# Better pics



## nubsmoke

Here are some better pics of a 14 inch manny. Big difference between 1.3 and 10 megapixels


----------



## db04ph

wow thats huge
very impressive


----------



## massabsamurai

holy sh*t man. Thats BLUE. Superb manny


----------



## Uncle Jesse

Don't even look real. That thing is one hell of a fish to say the least.


----------



## odyssey

That is an abosulte monster!


----------



## jp80911

thats one HUGE manny, very nice









any chance of a feeding video?


----------



## jacks

nubsmoke said:


> Here are some better pics of a 14 inch manny. Big difference between 1.3 and 10 megapixels


have you any video of this monster


----------



## luckydemonz5

is he very active and what size tank is he in


----------



## Sheppard

Incredible fish man


----------



## RedneckR0nin

Beautiful fish man, that suckas huge!!


----------



## jmax611




----------



## boiler149

wow thats beautiful!


----------



## ICEE

amazing manny nubsmoke.


----------



## FEEFA

WOW, nuff said


----------



## His Majesty

that thing is a true beast. thanks for posting


----------



## PDOGGY

What a monster! It almost looks like its swimming Dead. Very interesting to see this manny, Sweet!


----------



## db04ph

can substrate realy change the color that much, all mannies i seen are white with red gills


----------



## Wide_Eyed_Wanderer

Cool !

Not a fan of how it looks though fugly.


----------



## als

Was this Waynes old fish?


----------



## boiler149

this fish is a monster


----------



## shoal king

i wish his red gills where brighter. still an impressive manny


----------



## THE BLACK PIRANHA

He looks like he has had a rough like, I thing he looks terrible and he is still small for a manny but good luck.


----------



## Ja'eh

Impressive size but I think it doesn't look right, it looks unhealthy, dead or somthing I don't know. Sorry but that's what it looks like to me.


----------



## luckydemonz5

^
I agree im sorry to say


----------



## Ja'eh

Can we see a current video?


----------



## nubsmoke

jp80911 said:


> Impressive size but I think it doesn't look right, it looks unhealthy, dead or somthing I don't know. Sorry but that's what it looks like to me.

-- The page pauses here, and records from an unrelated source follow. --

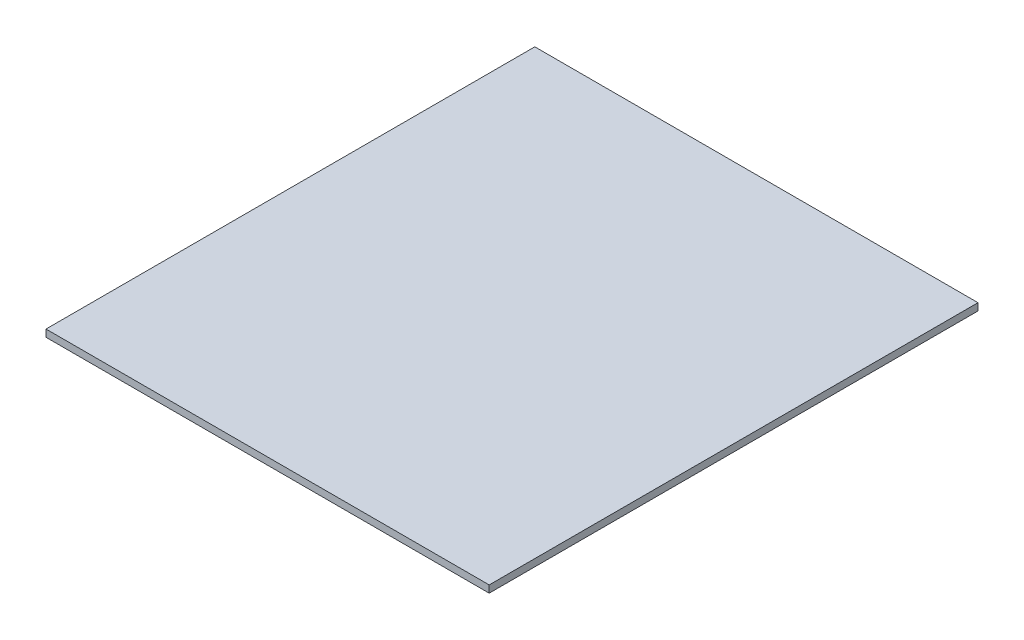
from build123d import *

# Parameters (mm, degrees)
SKETCH4_W           = 680
SKETCH4_H           = 750
BOSS_EXTRUDE1_DEPTH = 11


with BuildPart() as part:
    # Sketch4 → Boss-Extrude1 (new body)
    with BuildSketch(Plane(origin=(0, 0, 0), x_dir=(1, 0, 0), z_dir=(0, 1, 0))):
        Rectangle(SKETCH4_W, SKETCH4_H)
    extrude(amount=BOSS_EXTRUDE1_DEPTH)


solid = part.part
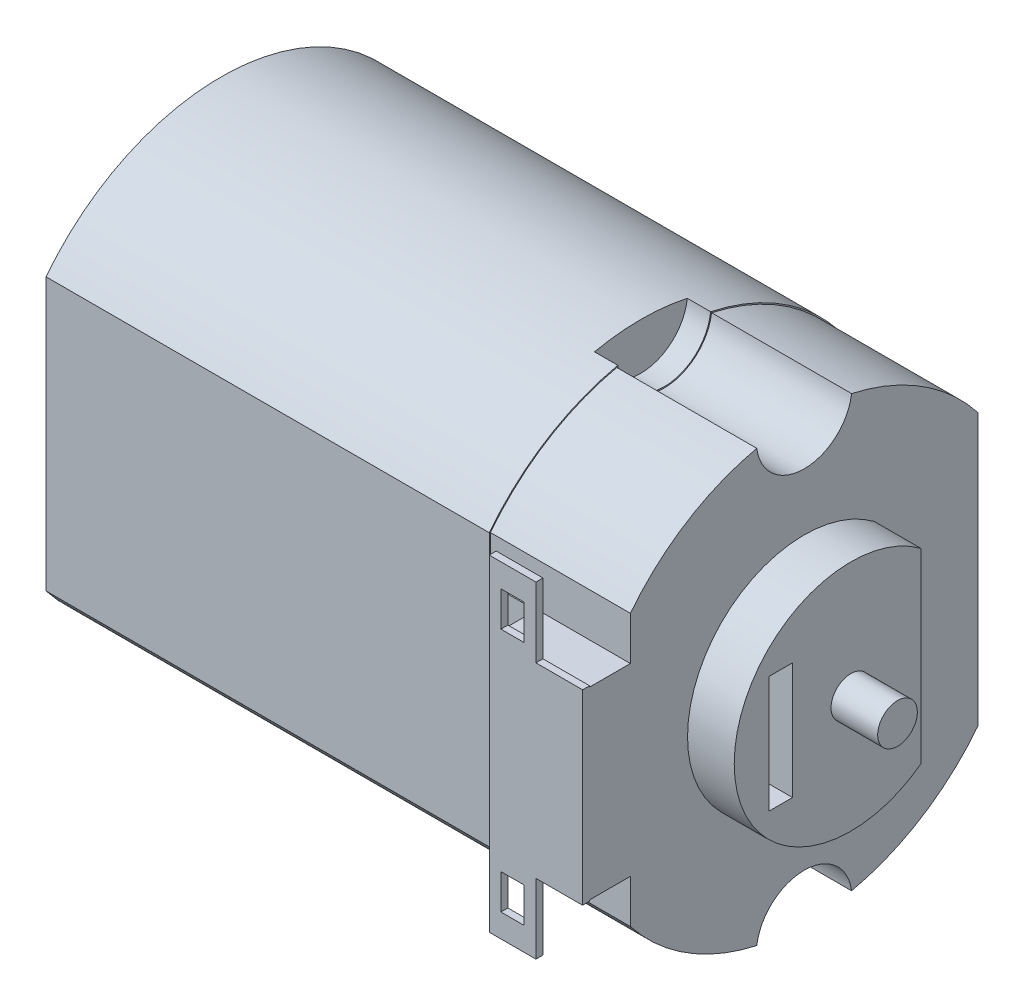
from build123d import *

# Parameters (mm, degrees)
BOSS_EXTRUDE1_DEPTH = 25
SKETCH2_R           = 2
CUT_EXTRUDE1_DEPTH  = 7
SKETCH3_W           = 1
SKETCH3_H           = 5
BOSS_EXTRUDE2_DEPTH = 2
SKETCH4_R           = 0.85
BOSS_EXTRUDE3_DEPTH = 2
SKETCH5_W           = 4
SKETCH5_H           = 8
BOSS_EXTRUDE4_DEPTH = 2
SKETCH6_W           = 2
SKETCH6_H           = 0.3
BOSS_EXTRUDE5_DEPTH = 3
SKETCH7_W           = 1
SKETCH7_H           = 1.5
CUT_EXTRUDE2_DEPTH  = 1
CUT_EXTRUDE3_START  = -6
CUT_EXTRUDE3_DEPTH  = 6


with BuildPart() as part:
    # Sketch1 → Boss-Extrude1 (new body)
    with BuildSketch(Plane(origin=(0, 0, 0), x_dir=(0, 0, -1), z_dir=(1, 0, 0))):
        with BuildLine():
            Line((-7.5, 5.830951895), (-7.5, -5.830951895))
            ThreePointArc((-7.5, -5.830951895), (0, -9.5), (7.5, -5.830951895))
            Line((7.5, -5.830951895), (7.5, 5.830951895))
            ThreePointArc((7.5, 5.830951895), (0, 9.5), (-7.5, 5.830951895))
        make_face()
    extrude(amount=BOSS_EXTRUDE1_DEPTH)

    # Sketch2 → Cut-Extrude1 (cut)
    with BuildSketch(Plane(origin=(25, 0, 0), x_dir=(0, 0, -1), z_dir=(1, 0, 0))):
        with Locations((0, 9.5)):
            Circle(SKETCH2_R)
        with Locations((0, -9.5)):
            Circle(SKETCH2_R)
    extrude(amount=-CUT_EXTRUDE1_DEPTH, mode=Mode.SUBTRACT)

    # Sketch3 → Boss-Extrude2 (add)
    with BuildSketch(Plane(origin=(25, 0, 0), x_dir=(0, 0, -1), z_dir=(1, 0, 0))):
        with BuildLine():
            Line((3, 4), (3, -4))
            ThreePointArc((3, -4), (-5, 0), (3, 4))
        make_face()
        with Locations((-3, 0)):
            Rectangle(SKETCH3_W, SKETCH3_H, mode=Mode.SUBTRACT)
    extrude(amount=BOSS_EXTRUDE2_DEPTH)

    # Sketch4 → Boss-Extrude3 (add)
    with BuildSketch(Plane(origin=(27, 0, 0), x_dir=(0, 0, -1), z_dir=(1, 0, 0))):
        Circle(SKETCH4_R)
    extrude(amount=BOSS_EXTRUDE3_DEPTH)

    # Sketch5 → Boss-Extrude4 (add)
    with BuildSketch(Plane.XY.offset(7.5)):
        with Locations((23, 0)):
            Rectangle(SKETCH5_W, SKETCH5_H)
    extrude(amount=BOSS_EXTRUDE4_DEPTH)

    # Sketch6 → Boss-Extrude5 (add)
    with BuildSketch(Plane.XZ.offset(4)):
        with Locations((22, 9.35)):
            Rectangle(SKETCH6_W, SKETCH6_H)
    boss_extrude5 = extrude(amount=BOSS_EXTRUDE5_DEPTH)

    # Mirror1: Boss-Extrude5 across plane
    add(boss_extrude5.mirror(Plane.ZX))

    # Sketch7 → Cut-Extrude2 (cut)
    with BuildSketch(Plane.XY.offset(9.5)):
        with Locations((22, -5.25)):
            Rectangle(SKETCH7_W, SKETCH7_H)
        with Locations((22, 5.25)):
            Rectangle(SKETCH7_W, SKETCH7_H)
    extrude(amount=-CUT_EXTRUDE2_DEPTH, mode=Mode.SUBTRACT)

    # Sketch8 → Cut-Extrude3 (cut)
    with BuildSketch(Plane(origin=(25, 0, 0), x_dir=(0, 0, -1), z_dir=(1, 0, 0)).offset(CUT_EXTRUDE3_START)):
        with BuildLine():
            Line((-7.45, 5.813776741), (-7.45, 3.95))
            Line((-7.45, 3.95), (-9.2, 3.95))
            Line((-9.2, 3.95), (-9.2, 4))
            Line((-9.2, 4), (-7.5, 4))
            Line((-7.5, 4), (-7.5, 5.830951895))
            ThreePointArc((-7.5, 5.830951895), (-5.049761967, 8.04673251), (-1.988888803, 9.289473684))
            ThreePointArc((-1.988888803, 9.289473684), (0, 7.5), (1.988888803, 9.289473684))
            ThreePointArc((1.988888803, 9.289473684), (5.049761967, 8.04673251), (7.5, 5.830951895))
            Line((7.5, 5.830951895), (7.5, -5.830951895))
            ThreePointArc((7.5, -5.830951895), (5.049761967, -8.04673251), (1.988888803, -9.289473684))
            ThreePointArc((1.988888803, -9.289473684), (0, -7.5), (-1.988888803, -9.289473684))
            ThreePointArc((-1.988888803, -9.289473684), (-5.049761967, -8.04673251), (-7.5, -5.830951895))
            Line((-7.5, -5.830951895), (-7.5, -4))
            Line((-7.5, -4), (-9.2, -4))
            Line((-9.2, -4), (-9.2, -3.95))
            Line((-9.2, -3.95), (-7.45, -3.95))
            Line((-7.45, -3.95), (-7.45, -5.813776741))
            ThreePointArc((-7.45, -5.813776741), (-5.039140418, -7.994345742), (-2.032001592, -9.228947368))
            ThreePointArc((-2.032001592, -9.228947368), (0, -7.45), (2.032001592, -9.228947368))
            ThreePointArc((2.032001592, -9.228947368), (5.039140418, -7.994345742), (7.45, -5.813776741))
            Line((7.45, -5.813776741), (7.45, 5.813776741))
            ThreePointArc((7.45, 5.813776741), (5.039140418, 7.994345742), (2.032001592, 9.228947368))
            ThreePointArc((2.032001592, 9.228947368), (0, 7.45), (-2.032001592, 9.228947368))
            ThreePointArc((-2.032001592, 9.228947368), (-5.039140418, 7.994345742), (-7.45, 5.813776741))
        make_face()
    extrude(amount=CUT_EXTRUDE3_DEPTH, mode=Mode.SUBTRACT)


solid = part.part
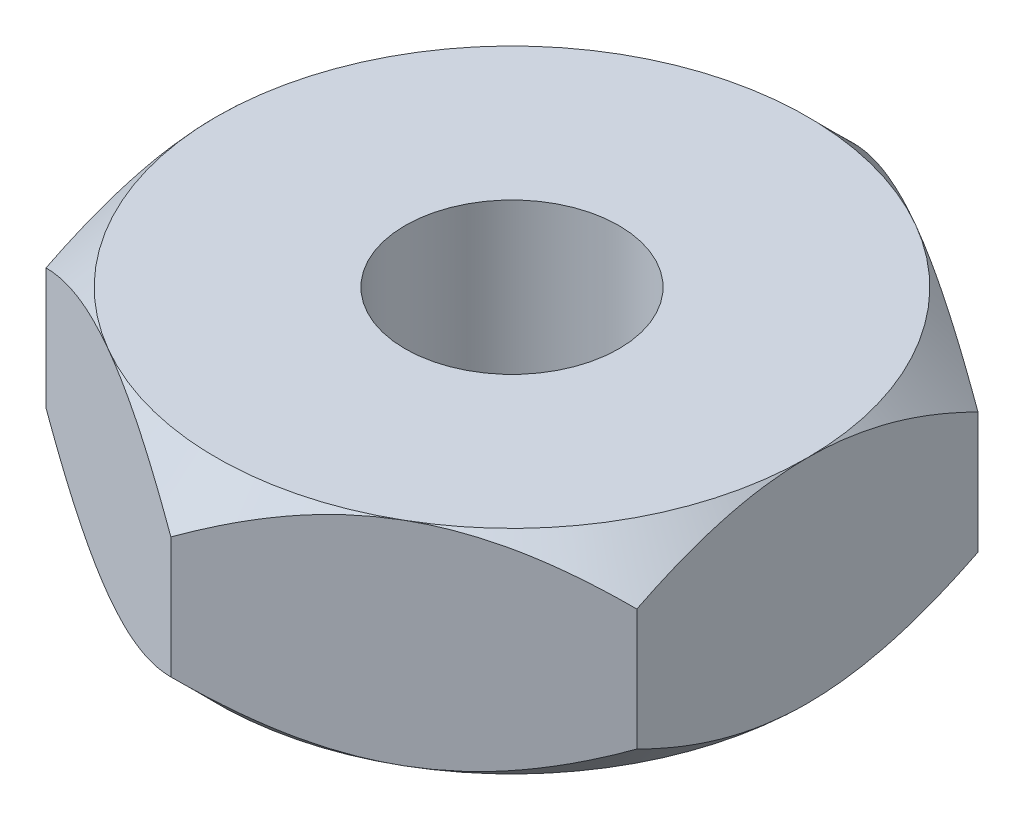
from build123d import *

# Parameters (mm, degrees)
BOSS_EXTRUDE1_DEPTH       = 1.125
F_4_40_TAPPED_HOLE1_D     = 2.2606
F_4_40_TAPPED_HOLE1_DEPTH = 8.87
F_4_40_TAPPED_HOLE1_TIP   = 0.679152758


with BuildPart() as part:
    # Sketch1 → Boss-Extrude1 (new, symmetric)
    with BuildSketch(Plane(origin=(0, 0, 0), x_dir=(1, 0, 0), z_dir=(0, 1, 0))):
        Polygon((0, 3.608439182), (-3.125, 1.804219591), (-3.125, -1.804219591), (0, -3.608439182), (3.125, -1.804219591), (3.125, 1.804219591), align=None)
    extrude(amount=BOSS_EXTRUDE1_DEPTH, both=True)

    # Sketch2 → Cut-Revolve2 (revolve, cut)
    with BuildSketch(Plane.XY):
        Polygon((-4.25, 1.125), (-4.25, 0), (-3.125, 1.125), align=None)
    cut_revolve2 = revolve(axis=Axis((0, 4.25, 0), (0, -1, 0)), mode=Mode.SUBTRACT)

    # Mirror1: Cut-Revolve2 across plane
    add(cut_revolve2.mirror(Plane.ZX), mode=Mode.SUBTRACT)

    # #4-40 Tapped Hole1
    with Locations(Plane(origin=(0, 1.125, 0), x_dir=(1, 0, 0), z_dir=(0, 1, 0))):
        with Locations((0, 0)):
            Hole(F_4_40_TAPPED_HOLE1_D / 2, depth=F_4_40_TAPPED_HOLE1_DEPTH)
            with Locations((0, 0, -(F_4_40_TAPPED_HOLE1_DEPTH + F_4_40_TAPPED_HOLE1_TIP / 2))):  # 118° drill point
                Cone(0, F_4_40_TAPPED_HOLE1_D / 2, F_4_40_TAPPED_HOLE1_TIP, mode=Mode.SUBTRACT)


solid = part.part

If some of you had one 14 inches that looked better I might care. Like I said I have the ONLY one of this size on this board so there is nothing to compare it to.


----------



## Ja'eh

Regardless if no one has a manny as big as yours I still stand by what I said.


----------



## Ja'eh

What size tank is it in, looks kinda cramped.


----------



## sprfunk

Dang, some of you all are cold. I would take that fish in a second. I think its the angle of the camera and the substrate color not helping the looks of that P. Very rare find, I am very jealous.


----------



## AKSkirmish

LMFAO @ many of the responses.....

I would be proud to own a specimen like this.....

Appreciate the pics Nubsmoke.....


----------



## nubsmoke

Here is a current video. Vid is darker but watch the fish react to my girlfriend walking into the room. at 48-49sec


----------



## AKSkirmish

What a beast-
Nice to see the big guy interacting.....


----------



## FEEFA

What sized tank is it in? Looks like a 75gal, I would get it a bigger tank. A fish like that deserves at least a 125gal


----------



## Trigga

Feefa said:


> What sized tank is it in? Looks like a 75gal, I would get it a bigger tank. A fish like that deserves at least a 180gal


fixed


----------



## FEEFA

:laugh:


----------



## piranhovios

video is very dark...i c'ant see the manny...


----------



## CLUSTER ONE

I think this fish looks pretty good health wise, but it does look like its been running into things. i cant comment on tank size as i dont see any full tank shots or vids, but cool fish either way, but a fish that size imo should have a 180+. I dont know how peopel can guess tank size when the whole vid was shot in one section and in a vid, you cant tell a 24" deep to a 18".

Imo, he would also look better on a lighter substrate as now he looks to pygoish, but the purple is cool.


----------



## Trigga

numbsmoke... you said that there is no other piranha like yours... well piranja has a 12" manny and it is friggin gorgeous... not all blacked out...its very active and is in a 250...and i dont know but ill put money on that when it hits 14" it wont look like your manny

no disrespect man ive seen pics of that manny since way back and its always looked like that.. probably got damaged big time during shipping and never really healed... piranja grew his one out which is probably why it looks so much better.


----------



## Zulu Warrior

That looks like a big old red







... sh*t...... mines nocking on 12" and doesn't look nowt like that


----------



## weerhom

that fish is a dinosaur. He came in over 10 years ago. Looks like it hasn't grown at all. Wayne owned that fish first, then joe , then wes, then???


----------



## Zulu Warrior

weerhom said:


> that fish is a dinosaur. He came in over 10 years ago. Looks like it hasn't grown at all. Wayne owned that fish first, then joe , then wes, then???


what a fooking shame







the right sized tank... good water.....good food.... the fish will grow


----------



## AKSkirmish

Zulu Warrior said:


> that fish is a dinosaur. He came in over 10 years ago. Looks like it hasn't grown at all. Wayne owned that fish first, then joe , then wes, then???


what a fooking shame







the right sized tank... good water.....good food.... the fish will grow
[/quote]

I would bet that anyone who spends that kind of money on a fish-----Would have it in a proper setup....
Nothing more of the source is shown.